Baseline Characteristics of the Patients
Time from MI to apheresis: time from onset of acute myocardial infarction to time of apheresis. G-CSF, granulocyte colony-stimulating factor; MI, myocardial infarction; PCI, percutaneous coronary intervention.
Mobilization by Cytokines and Collection by Apheresis
Increment of leukocyte counts from baseline after completion of cytokine administration was similar between the G-CSF and the combicytokine group. Hemoglobin concentration, mononuclear cell proportion, and platelet counts were also not different between two groups. Administration of G-CSF with or without darbepoetin bolus infusion was safe. There were mild adverse reactions in patients from the G-CSF group and the combination group, such as myalgia or bone pain in three and six patients, headache in one and two, fever in one and two, and dizziness in one and two, respectively. Most adverse reactions improved and disappeared within several days after completion of cytokine administration. There were mild but significant elevations of c-reactive protein (CRP) level after cytokine treatments both in G-CSF and combicytokine group. And the degrees of elevation were similar between the two groups (G-CSF: 2.29 ± 1.97 vs. combicytokine: 2.49 ± 1.77 mg/dl, p = 0.73). And PBSC collection with apheresis was completed without any major cardiac complication in all patients. During apheresis, transient hypotension occurred in one patient from the G-CSF group and one patient from the combicytokine group, and transient paresthesia in two patients from the G-CSF group. Adverse events during cytokine treatment and apheresis were similar between groups. The time spent on the apheresis machine and blood volume for processing was similar between the two groups. During a 1-month clinical follow-up after cytokine treatment, there were no additional major adverse cardiac events in these patients.
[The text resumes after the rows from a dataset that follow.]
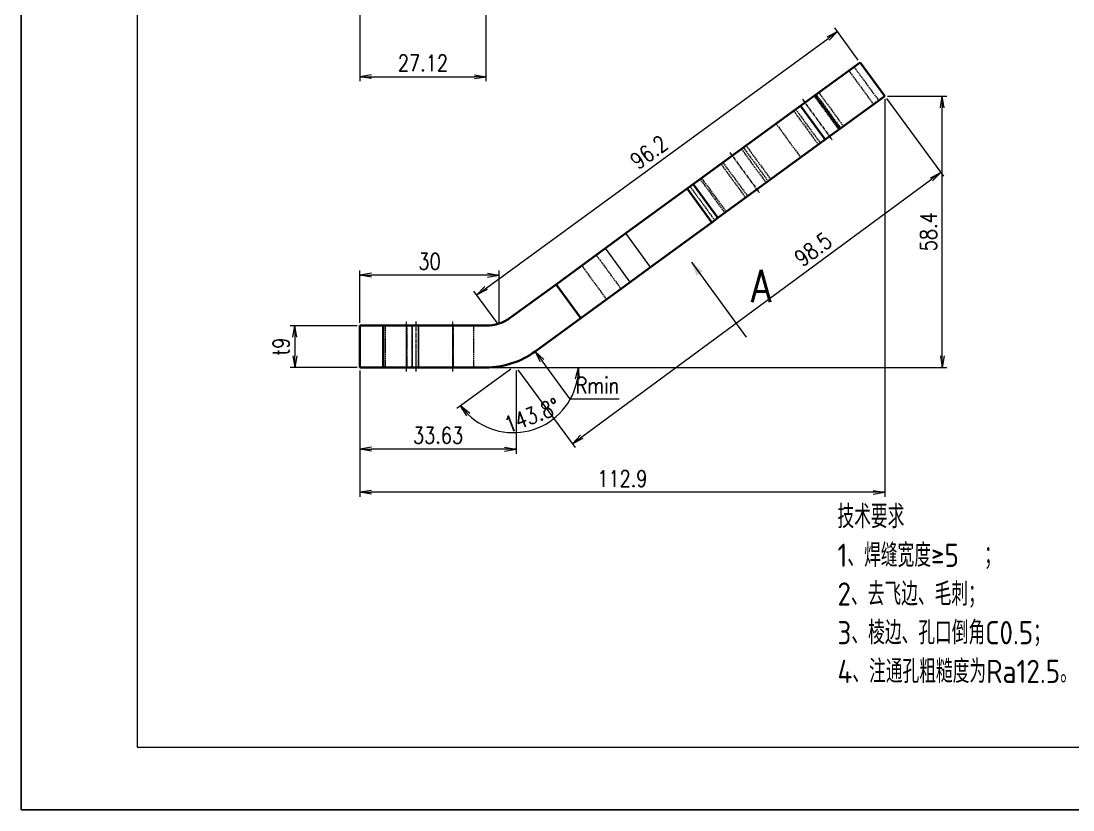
# Model space of a CAD drawing. Header units: millimetres. Extents: x 151684 to 153209, y -40906 to -39954.
# Drawn here: x 151684 to 151910.4, y -40906.3 to -40736.4 of the extents above; entities that cross this region are included whole.
import ezdxf

# ---------------------------------------------------------------- set-up
doc = ezdxf.new("R2010")
doc.units = ezdxf.units.MM
doc.header["$LTSCALE"] = 0.5
doc.linetypes.add('AM_ISO02W050x2', pattern=[3.75, 3, -0.75])
doc.linetypes.add('AM_ISO08W050x2', pattern=[9, 6, -0.75, 1.5, -0.75])
for name, color, linetype, lineweight in [('中心线', 2, 'AM_ISO08W050x2', 18), ('图框', 7, 'Continuous', 18), ('标注线', 3, 'Continuous', 18), ('细实线', 3, 'Continuous', 18), ('虚线', 1, 'AM_ISO02W050x2', 18)]:
    doc.layers.add(name, color=color, linetype=linetype, lineweight=lineweight)
doc.layers.add('打印', color=7, linetype='Continuous', lineweight=15, plot=False)
doc.layers.add('打印-禁用', color=7, linetype='Continuous', lineweight=15, plot=False)
doc.styles.add('DIM', font='romans.shx', dxfattribs={"width": 0.8, "bigfont": 'bigfont.shx'})
doc.styles.add('机械长仿宋', font='gbenor.shx', dxfattribs={"height": 1, "bigfont": 'gbcbig.shx'})
doc.dimstyles.new('DEH 1-1$0', dxfattribs={"dimtxt": 3.5, "dimasz": 2.5, "dimexe": 1, "dimexo": 0.625, "dimgap": 1.2, "dimtad": 1, "dimzin": 9, "dimdsep": 46, "dimtxsty": 'DIM', "dimblk": 'OPEN', "dimcen": 0, "dimclrd": 8, "dimclre": 8, "dimclrt": 2, "dimazin": 2, "dimtfac": 0.5, "dimtmove": 0, "dimatfit": 3, "dimldrblk": 'OPEN', "dimfxl": 0, "dimtolj": 2, "dimlwd": 18, "dimlwe": 18, "dimarcsym": 0})
doc.dimstyles.new('DEH 1-1$2', dxfattribs={"dimtxt": 3.5, "dimasz": 2.5, "dimexe": 1, "dimexo": 0.625, "dimgap": 1.2, "dimtad": 1, "dimdsep": 46, "dimtxsty": 'DIM', "dimblk": 'OPEN', "dimcen": 0, "dimclrd": 8, "dimclre": 8, "dimclrt": 2, "dimazin": 2, "dimtfac": 0.5, "dimtmove": 0, "dimatfit": 3, "dimldrblk": 'OPEN', "dimfxl": 0, "dimtolj": 2, "dimlwd": 18, "dimlwe": 18, "dimarcsym": 0})
doc.dimstyles.new('DEH 1-1$4', dxfattribs={"dimtxt": 3.5, "dimasz": 2.5, "dimexe": 1, "dimexo": 0.625, "dimgap": 1.2, "dimtad": 1, "dimtoh": 1, "dimdsep": 46, "dimtxsty": 'DIM', "dimblk": 'OPEN', "dimcen": 0, "dimclrd": 8, "dimclre": 8, "dimclrt": 2, "dimazin": 2, "dimtfac": 0.5, "dimtofl": 0, "dimtmove": 0, "dimatfit": 3, "dimldrblk": 'OPEN', "dimfxl": 0, "dimtolj": 2, "dimlwd": 18, "dimlwe": 18, "dimarcsym": 0})

# ---------------------------------------------------------------- blocks, each defined once
blk = doc.blocks.new('GZDEH零件A3图框V01版')
at = {"layer": '图框', "linetype": 'Continuous'}
for p, q in [((2882.49, -1554.46), (2882.49, -1832.96)), ((2882.49, -1832.96), (3272.49, -1832.96))]:
    blk.add_line(p, q, dxfattribs=at)
at = {"layer": '打印-禁用', "linetype": 'Continuous'}
for p, q in [((2857.49, -1549.46), (2857.49, -1846.46)), ((2857.49, -1846.46), (3277.49, -1846.46))]:
    blk.add_line(p, q, dxfattribs=at)
blk = doc.blocks.new('DEH A3')
at = {"layer": '图框'}
blk.add_blockref('GZDEH零件A3图框V01版', (-2857.49, 1846.46), dxfattribs=at)
blk = doc.blocks.new('A$C3D6C2CD6')
at = {"color": 7, "lineweight": 13, "ltscale": 2.50313e-05}
blk.add_line((-5.23, 7.15), (-5.23, 7.15), dxfattribs=at)
at = {"color": 7, "lineweight": 13, "ltscale": 0.5}
blk.add_line((-5.23, 7.15), (6.57, -8.99), dxfattribs=at)
at = {"color": 7, "lineweight": 13}
blk.add_solid([(-2.81, 5.21), (-5.23, 7.15), (-4.11, 4.26)], dxfattribs=at)
blk = doc.blocks.new('_Open')
at = {"color": 0, "linetype": 'ByBlock', "lineweight": -2}
for p, q in [((-1, 0.167), (0, 0)), ((-1, -0.167), (0, 0)), ((0, 0), (-1, 0))]:
    blk.add_line(p, q, dxfattribs=at)
blk = doc.blocks.new('*D14')
at = {"layer": 'Defpoints', "color": 0, "transparency": 16777216}
for p in [(151756.93, -40802.04), (151742.91, -40811.04), (151756.93, -40811.04)]:
    blk.add_point(p, dxfattribs=at)
at = {"layer": '细实线', "color": 8, "lineweight": 18, "transparency": 16777216}
for p, q in [((151756.3, -40802.04), (151741.91, -40802.04)), ((151742.91, -40804.54), (151742.91, -40808.54)), ((151756.3, -40811.04), (151741.91, -40811.04))]:
    blk.add_line(p, q, dxfattribs=at)
at = {"layer": '细实线', "color": 8, "lineweight": 18, "transparency": 16777216, "xscale": 2.5, "yscale": 2.5, "zscale": 2.5}
for p, rotation in [((151742.91, -40802.04), 90), ((151742.91, -40811.04), 270)]:
    blk.add_blockref('_Open', p, dxfattribs=dict(at, rotation=rotation))
at = {"layer": '细实线', "color": 2, "transparency": 16777216, "insert": (151739.96, -40806.54), "char_height": 3.5, "attachment_point": 5, "rotation": 90, "style": 'DIM'}
blk.add_mtext('\\A2;t9', dxfattribs=at)
blk = doc.blocks.new('*D15')
at = {"layer": 'Defpoints', "color": 0, "transparency": 16777216}
for p in [(151756.93, -40791.15), (151756.93, -40802.04), (151786.9, -40802.04)]:
    blk.add_point(p, dxfattribs=at)
at = {"layer": '细实线', "color": 8, "lineweight": 18, "transparency": 16777216}
for p, q in [((151756.93, -40801.41), (151756.93, -40790.15)), ((151786.9, -40801.41), (151786.9, -40790.15)), ((151784.4, -40791.15), (151759.43, -40791.15))]:
    blk.add_line(p, q, dxfattribs=at)
at = {"layer": '细实线', "color": 8, "lineweight": 18, "transparency": 16777216, "xscale": 2.5, "yscale": 2.5, "zscale": 2.5, "rotation": 180}
blk.add_blockref('_Open', (151756.93, -40791.15), dxfattribs=at)
at = {"layer": '细实线', "color": 8, "lineweight": 18, "transparency": 16777216, "xscale": 2.5, "yscale": 2.5, "zscale": 2.5}
blk.add_blockref('_Open', (151786.9, -40791.15), dxfattribs=at)
at = {"layer": '细实线', "color": 2, "transparency": 16777216, "insert": (151771.91, -40788.2), "char_height": 3.5, "attachment_point": 5, "style": 'DIM'}
blk.add_mtext('\\A2;30', dxfattribs=at)
blk = doc.blocks.new('*D16')
at = {"layer": 'Defpoints', "color": 0, "transparency": 16777216}
for p in [(151859.72, -40738.72), (151864.56, -40745.34), (151786.9, -40802.04)]:
    blk.add_point(p, dxfattribs=at)
at = {"layer": '细实线', "color": 8, "lineweight": 18, "transparency": 16777216}
for p, q in [((151864.19, -40744.84), (151859.13, -40737.91)), ((151784.08, -40793.94), (151857.7, -40740.19)), ((151786.53, -40801.53), (151781.47, -40794.6))]:
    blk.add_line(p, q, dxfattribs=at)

Apheresis Product Profiles
Hemogram of peripheral blood after cytokine administration was similar between the two groups. However, the composition of apheresis products was significantly different between the two groups. Apheresis products obtained from the combicytokine group contained fewer leukocytes with higher mononuclear cell proportion than those from the G-CSF group. Although leukocyte concentration in apheresis products was higher in the G-CSF group, the CD34+ cell concentration of apheresis products was not different between the two groups (Table 2). These meant that apheresis products obtained from the combicytokine group had higher CD34+ cell purity and fewer unwanted inflammatory cells than those from the G-CSF group. We could obtain sufficient numbers of CD34+ cells for intracoronary infusion in all patients from both groups. Additionally, apheresis products from the combicytokine group showed slightly higher hemoglobin concentration and lower platelet counts than those of the G-CSF group.
Apheresis Process and Apheresis Product Yield
CBC, complete blood cell count; FACS, florescence-activated cell sorting; KDR, kinase insert domain-containing receptor; VE-cadherin, vascular endothelial cadherin.
Apheresis products of the combicytokine groups had higher portions of proangiogenic cell populations, such as CD34+/KDR+ endothelial progenitor cells (EPCs), CD3+/CD31+ proangiogenic T cells (12), and Tie2+ and/ or CXCR4+ cells, than those of the G-CSF group. In MAGIC Cell-5-combicytokine study, the infusion cell dose was 2 × 109 mononuclear cells per patient. As a results, patients in the combicytokine groups received higher numbers of CD34+/KDR+ cells, CD3+/CD31+ cells, and Tie2+/CXCR4+ cells than the patients from the G-CSF group. However, proportions of CD73+/CD105+ mesenchymal stem cell population were not different between the two groups. The combicytokine group had higher circulating CD3+/CD31+ proangiogenic T cells and CXCR4+ cells than the G-CSF group did in both apheresis product and peripheral blood.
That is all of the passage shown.